More from GlobalPost: 8 ways you are killing the environment that you probably didn't even realize

That's bad. Even Keurig inventor John Sylvan said as much when he essentially apologized for inventing the contraption in the first place.

“I don’t have one," Sylvan said of the Keurig. "They're kind of expensive to use. Plus it's not like drip coffee is tough to make.”

Despite these overt and glaring negatives, the market for single-use coffee makers has been growing.
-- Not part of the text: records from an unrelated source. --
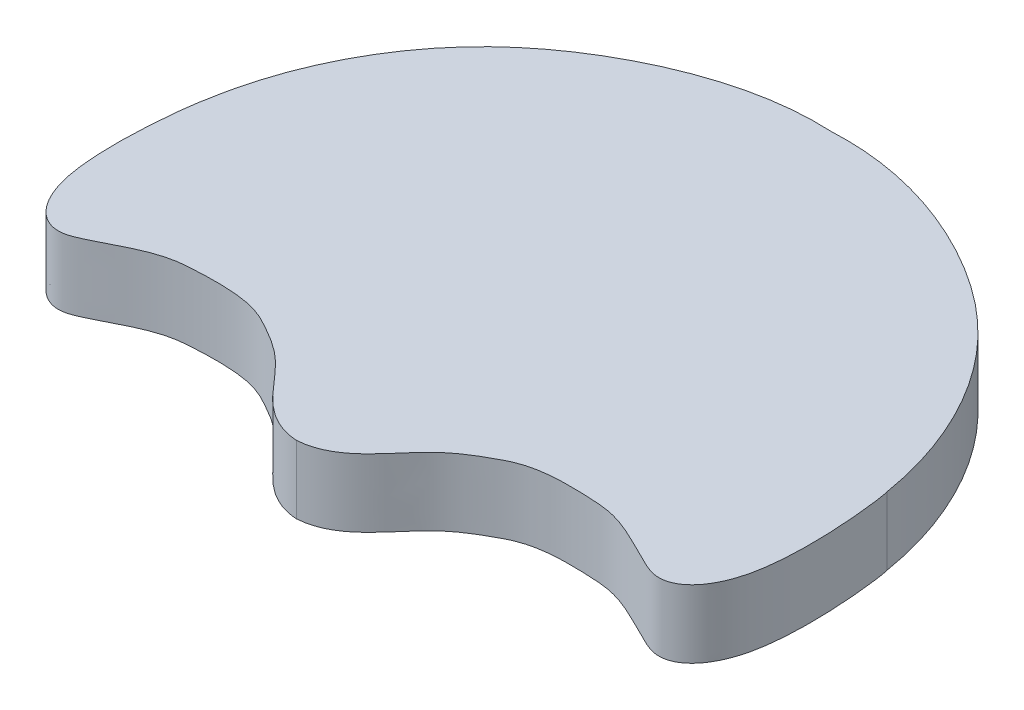
ISO-10303-21;
HEADER;
FILE_DESCRIPTION(('STEP AP214'),'2;1');
FILE_NAME('part.step','',(''),(''),'','','');
FILE_SCHEMA(('AUTOMOTIVE_DESIGN { 1 0 10303 214 1 1 1 1 }'));
ENDSEC;
DATA;
#1=APPLICATION_CONTEXT('core data for automotive mechanical design processes');
#2=APPLICATION_PROTOCOL_DEFINITION('international standard','automotive_design',2000,#1);
#3=PRODUCT_CONTEXT('',#1,'mechanical');
#4=PRODUCT('Part','Part','',(#3));
#5=PRODUCT_RELATED_PRODUCT_CATEGORY('part','',(#4));
#6=PRODUCT_DEFINITION_FORMATION('','',#4);
#7=PRODUCT_DEFINITION_CONTEXT('part definition',#1,'design');
#8=PRODUCT_DEFINITION('design','',#6,#7);
#9=PRODUCT_DEFINITION_SHAPE('','',#8);
#10=(LENGTH_UNIT() NAMED_UNIT(*) SI_UNIT(.MILLI.,.METRE.));
#11=(NAMED_UNIT(*) PLANE_ANGLE_UNIT() SI_UNIT($,.RADIAN.));
#12=(NAMED_UNIT(*) SI_UNIT($,.STERADIAN.) SOLID_ANGLE_UNIT());
#13=UNCERTAINTY_MEASURE_WITH_UNIT(LENGTH_MEASURE(1.E-05),#10,'distance_accuracy_value','');
#14=(GEOMETRIC_REPRESENTATION_CONTEXT(3) GLOBAL_UNCERTAINTY_ASSIGNED_CONTEXT((#13)) GLOBAL_UNIT_ASSIGNED_CONTEXT((#10,
#11,#12)) REPRESENTATION_CONTEXT('',''));
#15=CARTESIAN_POINT('',(0.,0.,0.));
#16=DIRECTION('',(0.,0.,1.));
#17=DIRECTION('',(1.,0.,0.));
#18=AXIS2_PLACEMENT_3D('',#15,#16,#17);
#19=CARTESIAN_POINT('',(-190.5,38.1,0.));
#20=CARTESIAN_POINT('',(-192.064011792662,38.1,4.96350192621509));
#21=CARTESIAN_POINT('',(-201.967167765924,38.1,83.3146183109833));
#22=CARTESIAN_POINT('',(-174.696602041029,38.1,109.289958804391));
#23=CARTESIAN_POINT('',(-151.630121659032,38.1,100.567984898405));
#24=CARTESIAN_POINT('',(-131.410771519055,38.1,87.7197839609674));
#25=CARTESIAN_POINT('',(-96.8435676275136,38.1,85.3754033772216));
#26=CARTESIAN_POINT('',(-78.6925101438482,38.1,86.2588274201763));
#27=CARTESIAN_POINT('',(-58.8335330715194,38.1,96.8793824699203));
#28=CARTESIAN_POINT('',(-37.3059346099107,38.1,109.935798161985));
#29=CARTESIAN_POINT('',(-21.3496139460233,38.1,139.114767456721));
#30=CARTESIAN_POINT('',(1.40754784340045E-13,38.1,140.530090072389));
#31=B_SPLINE_CURVE_WITH_KNOTS('',3,(#19,#20,#21,#22,#23,#24,#25,#26,#27,#28,#29,#30),
.UNSPECIFIED.,.F.,.F.,(4,1,1,1,1,1,1,1,1,4),(0.,0.166997051795611,0.292320514089622,
0.319633117373991,0.426735310498713,0.458914050276757,0.609241775376387,0.641909703937047,
0.766802370245909,1.),.UNSPECIFIED.);
#32=DIRECTION('',(0.,-1.,0.));
#33=VECTOR('',#32,1.);
#34=SURFACE_OF_LINEAR_EXTRUSION('',#31,#33);
#35=CARTESIAN_POINT('',(-190.5,0.,0.));
#36=CARTESIAN_POINT('',(-192.064011792662,0.,4.96350192621509));
#37=CARTESIAN_POINT('',(-201.967167765924,0.,83.3146183109833));
#38=CARTESIAN_POINT('',(-174.696602041029,0.,109.289958804391));
#39=CARTESIAN_POINT('',(-151.630121659032,0.,100.567984898405));
#40=CARTESIAN_POINT('',(-131.410771519055,0.,87.7197839609674));
#41=CARTESIAN_POINT('',(-96.8435676275136,0.,85.3754033772216));
#42=CARTESIAN_POINT('',(-78.6925101438482,0.,86.2588274201763));
#43=CARTESIAN_POINT('',(-58.8335330715194,0.,96.8793824699203));
#44=CARTESIAN_POINT('',(-37.3059346099107,0.,109.935798161985));
#45=CARTESIAN_POINT('',(-21.3496139460233,0.,139.114767456721));
#46=CARTESIAN_POINT('',(1.40754784340045E-13,0.,140.530090072389));
#47=B_SPLINE_CURVE_WITH_KNOTS('',3,(#35,#36,#37,#38,#39,#40,#41,#42,#43,#44,#45,#46),
.UNSPECIFIED.,.F.,.F.,(4,1,1,1,1,1,1,1,1,4),(0.,0.166997051795611,0.292320514089622,
0.319633117373991,0.426735310498713,0.458914050276757,0.609241775376387,0.641909703937047,
0.766802370245909,1.),.UNSPECIFIED.);
#48=CARTESIAN_POINT('',(-190.5,0.,0.));
#49=VERTEX_POINT('',#48);
#50=CARTESIAN_POINT('',(-1.06334839341837E-13,0.,140.530090072389));
#51=VERTEX_POINT('',#50);
#52=EDGE_CURVE('E134',#49,#51,#47,.T.);
#53=ORIENTED_EDGE('',*,*,#52,.T.);
#54=DIRECTION('',(0.,-1.,0.));
#55=VECTOR('',#54,1.);
#56=CARTESIAN_POINT('',(-1.06334839341837E-13,38.1,140.530090072389));
#57=LINE('',#56,#55);
#58=CARTESIAN_POINT('',(-1.06334839341837E-13,38.1,140.530090072389));
#59=VERTEX_POINT('',#58);
#60=EDGE_CURVE('E11',#59,#51,#57,.T.);
#61=ORIENTED_EDGE('',*,*,#60,.F.);
#62=CARTESIAN_POINT('',(-190.5,38.1,0.));
#63=VERTEX_POINT('',#62);
#64=EDGE_CURVE('E97',#63,#59,#31,.T.);
#65=ORIENTED_EDGE('',*,*,#64,.F.);
#66=DIRECTION('',(0.,-1.,0.));
#67=VECTOR('',#66,1.);
#68=CARTESIAN_POINT('',(-190.5,38.1,0.));
#69=LINE('',#68,#67);
#70=EDGE_CURVE('E105',#63,#49,#69,.T.);
#71=ORIENTED_EDGE('',*,*,#70,.T.);
#72=EDGE_LOOP('',(#53,#61,#65,#71));
#73=FACE_BOUND('',#72,.T.);
#74=ADVANCED_FACE('F45',(#73),#34,.F.);
#75=CARTESIAN_POINT('',(-1.06334839341837E-13,38.1,140.530090072389));
#76=CARTESIAN_POINT('',(21.3496139460233,38.1,139.114767456721));
#77=CARTESIAN_POINT('',(37.3059346099107,38.1,109.935798161984));
#78=CARTESIAN_POINT('',(58.8335330715195,38.1,96.8793824699203));
#79=CARTESIAN_POINT('',(78.6925101438482,38.1,86.2588274201763));
#80=CARTESIAN_POINT('',(96.8435676275136,38.1,85.3754033772216));
#81=CARTESIAN_POINT('',(131.410771519055,38.1,87.7197839609674));
#82=CARTESIAN_POINT('',(151.630121659032,38.1,100.567984898405));
#83=CARTESIAN_POINT('',(174.696602041029,38.1,109.289958804391));
#84=CARTESIAN_POINT('',(201.967167765924,38.1,83.3146183109832));
#85=CARTESIAN_POINT('',(192.064011792662,38.1,4.96350192621503));
#86=CARTESIAN_POINT('',(190.5,38.1,0.));
#87=B_SPLINE_CURVE_WITH_KNOTS('',3,(#75,#76,#77,#78,#79,#80,#81,#82,#83,#84,#85,#86),
.UNSPECIFIED.,.F.,.F.,(4,1,1,1,1,1,1,1,1,4),(0.,0.233197629754091,0.358090296062953,
0.390758224623613,0.541085949723243,0.573264689501287,0.680366882626009,0.707679485910378,
0.833002948204389,1.),.UNSPECIFIED.);
#88=DIRECTION('',(0.,-1.,0.));
#89=VECTOR('',#88,1.);
#90=SURFACE_OF_LINEAR_EXTRUSION('',#87,#89);
#91=CARTESIAN_POINT('',(-1.06334839341837E-13,0.,140.530090072389));
#92=CARTESIAN_POINT('',(21.3496139460233,0.,139.114767456721));
#93=CARTESIAN_POINT('',(37.3059346099107,0.,109.935798161984));
#94=CARTESIAN_POINT('',(58.8335330715195,0.,96.8793824699203));
#95=CARTESIAN_POINT('',(78.6925101438482,0.,86.2588274201763));
#96=CARTESIAN_POINT('',(96.8435676275136,0.,85.3754033772216));
#97=CARTESIAN_POINT('',(131.410771519055,0.,87.7197839609674));
#98=CARTESIAN_POINT('',(151.630121659032,0.,100.567984898405));
#99=CARTESIAN_POINT('',(174.696602041029,0.,109.289958804391));
#100=CARTESIAN_POINT('',(201.967167765924,0.,83.3146183109832));
#101=CARTESIAN_POINT('',(192.064011792662,0.,4.96350192621503));
#102=CARTESIAN_POINT('',(190.5,0.,0.));
#103=B_SPLINE_CURVE_WITH_KNOTS('',3,(#91,#92,#93,#94,#95,#96,#97,#98,#99,#100,#101,#102),
.UNSPECIFIED.,.F.,.F.,(4,1,1,1,1,1,1,1,1,4),(0.,0.233197629754091,0.358090296062953,
0.390758224623613,0.541085949723243,0.573264689501287,0.680366882626009,0.707679485910378,
0.833002948204389,1.),.UNSPECIFIED.);
#104=CARTESIAN_POINT('',(190.5,0.,0.));
#105=VERTEX_POINT('',#104);
#106=EDGE_CURVE('E101',#51,#105,#103,.T.);
#107=ORIENTED_EDGE('',*,*,#106,.T.);
#108=DIRECTION('',(0.,-1.,0.));
#109=VECTOR('',#108,1.);
#110=CARTESIAN_POINT('',(190.5,38.1,0.));
#111=LINE('',#110,#109);
#112=CARTESIAN_POINT('',(190.5,38.1,0.));
#113=VERTEX_POINT('',#112);
#114=EDGE_CURVE('E54',#113,#105,#111,.T.);
#115=ORIENTED_EDGE('',*,*,#114,.F.);
#116=EDGE_CURVE('E92',#59,#113,#87,.T.);
#117=ORIENTED_EDGE('',*,*,#116,.F.);
#118=ORIENTED_EDGE('',*,*,#60,.T.);
#119=EDGE_LOOP('',(#107,#115,#117,#118));
#120=FACE_BOUND('',#119,.T.);
#121=ADVANCED_FACE('F100',(#120),#90,.F.);
#122=CARTESIAN_POINT('',(190.5,38.1,0.));
#123=CARTESIAN_POINT('',(184.392726562295,38.1,-37.5370382365467));
#124=CARTESIAN_POINT('',(157.261289846749,38.1,-93.9640934852783));
#125=CARTESIAN_POINT('',(82.3874782016624,38.1,-146.622658841393));
#126=CARTESIAN_POINT('',(31.3113741429568,38.1,-160.799884185231));
#127=CARTESIAN_POINT('',(0.,38.1,-159.189909927611));
#128=B_SPLINE_CURVE_WITH_KNOTS('',3,(#122,#123,#124,#125,#126,#127),.UNSPECIFIED.,.F.,.F.,(4,1,
1,4),(0.,0.424401365551712,0.65636958095173,1.),.UNSPECIFIED.);
#129=DIRECTION('',(0.,-1.,0.));
#130=VECTOR('',#129,1.);
#131=SURFACE_OF_LINEAR_EXTRUSION('',#128,#130);
#132=CARTESIAN_POINT('',(190.5,0.,0.));
#133=CARTESIAN_POINT('',(184.392726562295,0.,-37.5370382365467));
#134=CARTESIAN_POINT('',(157.261289846749,0.,-93.9640934852783));
#135=CARTESIAN_POINT('',(82.3874782016624,0.,-146.622658841393));
#136=CARTESIAN_POINT('',(31.3113741429568,0.,-160.799884185231));
#137=CARTESIAN_POINT('',(0.,0.,-159.189909927611));
#138=B_SPLINE_CURVE_WITH_KNOTS('',3,(#132,#133,#134,#135,#136,#137),.UNSPECIFIED.,.F.,.F.,(4,1,
1,4),(0.,0.424401365551712,0.65636958095173,1.),.UNSPECIFIED.);
#139=CARTESIAN_POINT('',(0.,0.,-159.189909927611));
#140=VERTEX_POINT('',#139);
#141=EDGE_CURVE('E79',#105,#140,#138,.T.);
#142=ORIENTED_EDGE('',*,*,#141,.T.);
#143=DIRECTION('',(0.,-1.,0.));
#144=VECTOR('',#143,1.);
#145=CARTESIAN_POINT('',(0.,38.1,-159.189909927611));
#146=LINE('',#145,#144);
#147=CARTESIAN_POINT('',(0.,38.1,-159.189909927611));
#148=VERTEX_POINT('',#147);
#149=EDGE_CURVE('E102',#148,#140,#146,.T.);
#150=ORIENTED_EDGE('',*,*,#149,.F.);
#151=EDGE_CURVE('E95',#113,#148,#128,.T.);
#152=ORIENTED_EDGE('',*,*,#151,.F.);
#153=ORIENTED_EDGE('',*,*,#114,.T.);
#154=EDGE_LOOP('',(#142,#150,#152,#153));
#155=FACE_BOUND('',#154,.T.);
#156=ADVANCED_FACE('F103',(#155),#131,.F.);
#157=CARTESIAN_POINT('',(0.,38.1,-159.189909927611));
#158=CARTESIAN_POINT('',(-31.3113741429568,38.1,-160.799884185231));
#159=CARTESIAN_POINT('',(-82.3874782016624,38.1,-146.622658841393));
#160=CARTESIAN_POINT('',(-157.261289846749,38.1,-93.9640934852783));
#161=CARTESIAN_POINT('',(-184.392726562295,38.1,-37.5370382365467));
#162=CARTESIAN_POINT('',(-190.5,38.1,0.));
#163=B_SPLINE_CURVE_WITH_KNOTS('',3,(#157,#158,#159,#160,#161,#162),.UNSPECIFIED.,.F.,.F.,(4,1,
1,4),(0.,0.34363041904827,0.575598634448288,1.),.UNSPECIFIED.);
#164=DIRECTION('',(0.,-1.,0.));
#165=VECTOR('',#164,1.);
#166=SURFACE_OF_LINEAR_EXTRUSION('',#163,#165);
#167=CARTESIAN_POINT('',(0.,0.,-159.189909927611));
#168=CARTESIAN_POINT('',(-31.3113741429568,0.,-160.799884185231));
#169=CARTESIAN_POINT('',(-82.3874782016624,0.,-146.622658841393));
#170=CARTESIAN_POINT('',(-157.261289846749,0.,-93.9640934852783));
#171=CARTESIAN_POINT('',(-184.392726562295,0.,-37.5370382365467));
#172=CARTESIAN_POINT('',(-190.5,0.,0.));
#173=B_SPLINE_CURVE_WITH_KNOTS('',3,(#167,#168,#169,#170,#171,#172),.UNSPECIFIED.,.F.,.F.,(4,1,
1,4),(0.,0.34363041904827,0.575598634448288,1.),.UNSPECIFIED.);
#174=EDGE_CURVE('E85',#140,#49,#173,.T.);
#175=ORIENTED_EDGE('',*,*,#174,.T.);
#176=ORIENTED_EDGE('',*,*,#70,.F.);
#177=EDGE_CURVE('E62',#148,#63,#163,.T.);
#178=ORIENTED_EDGE('',*,*,#177,.F.);
#179=ORIENTED_EDGE('',*,*,#149,.T.);
#180=EDGE_LOOP('',(#175,#176,#178,#179));
#181=FACE_BOUND('',#180,.T.);
#182=ADVANCED_FACE('F123',(#181),#166,.F.);
#183=CARTESIAN_POINT('',(-98.1259130559372,38.1,86.0527308590208));
#184=DIRECTION('',(0.,-1.,0.));
#185=DIRECTION('',(0.,0.,-1.));
#186=AXIS2_PLACEMENT_3D('',#183,#184,#185);
#187=PLANE('',#186);
#188=ORIENTED_EDGE('',*,*,#64,.T.);
#189=ORIENTED_EDGE('',*,*,#116,.T.);
#190=ORIENTED_EDGE('',*,*,#151,.T.);
#191=ORIENTED_EDGE('',*,*,#177,.T.);
#192=EDGE_LOOP('',(#188,#189,#190,#191));
#193=FACE_BOUND('',#192,.T.);
#194=ADVANCED_FACE('F93',(#193),#187,.F.);
#195=CARTESIAN_POINT('',(-98.1259130559372,0.,86.0527308590208));
#196=DIRECTION('',(0.,-1.,0.));
#197=DIRECTION('',(0.,0.,-1.));
#198=AXIS2_PLACEMENT_3D('',#195,#196,#197);
#199=PLANE('',#198);
#200=ORIENTED_EDGE('',*,*,#52,.F.);
#201=ORIENTED_EDGE('',*,*,#174,.F.);
#202=ORIENTED_EDGE('',*,*,#141,.F.);
#203=ORIENTED_EDGE('',*,*,#106,.F.);
#204=EDGE_LOOP('',(#200,#201,#202,#203));
#205=FACE_BOUND('',#204,.T.);
#206=ADVANCED_FACE('F161',(#205),#199,.T.);
#207=CLOSED_SHELL('',(#74,#121,#156,#182,#194,#206));
#208=MANIFOLD_SOLID_BREP('B2',#207);
#209=ADVANCED_BREP_SHAPE_REPRESENTATION('',(#18,#208),#14);
#210=SHAPE_DEFINITION_REPRESENTATION(#9,#209);
ENDSEC;
END-ISO-10303-21;

Since 2011, it has tripled in Western Europe and the US, where coffee pods make up about a third of all coffee sold.

A Keurig spokeswoman contacted GlobalPost after this story was first published to highlight that the company is developing recyclable products.

"The recyclability of our K-Cup pods, predominantly sold today in North America, is an issue we take very seriously and while it’s a complex challenge, we have a stated goal to have 100% of our K-Cup pods be recyclable by 2020," wrote Katie Gilroy. "To achieve our goal we are working on the design of the pods ... with recycling and plastics industry experts."

According to Quartz, pod-machine sales outpaced drip-coffee makers in Western Europe for the first time in 2013.

Hamburg is the first city to take matters into its own hands, but it may not be the last.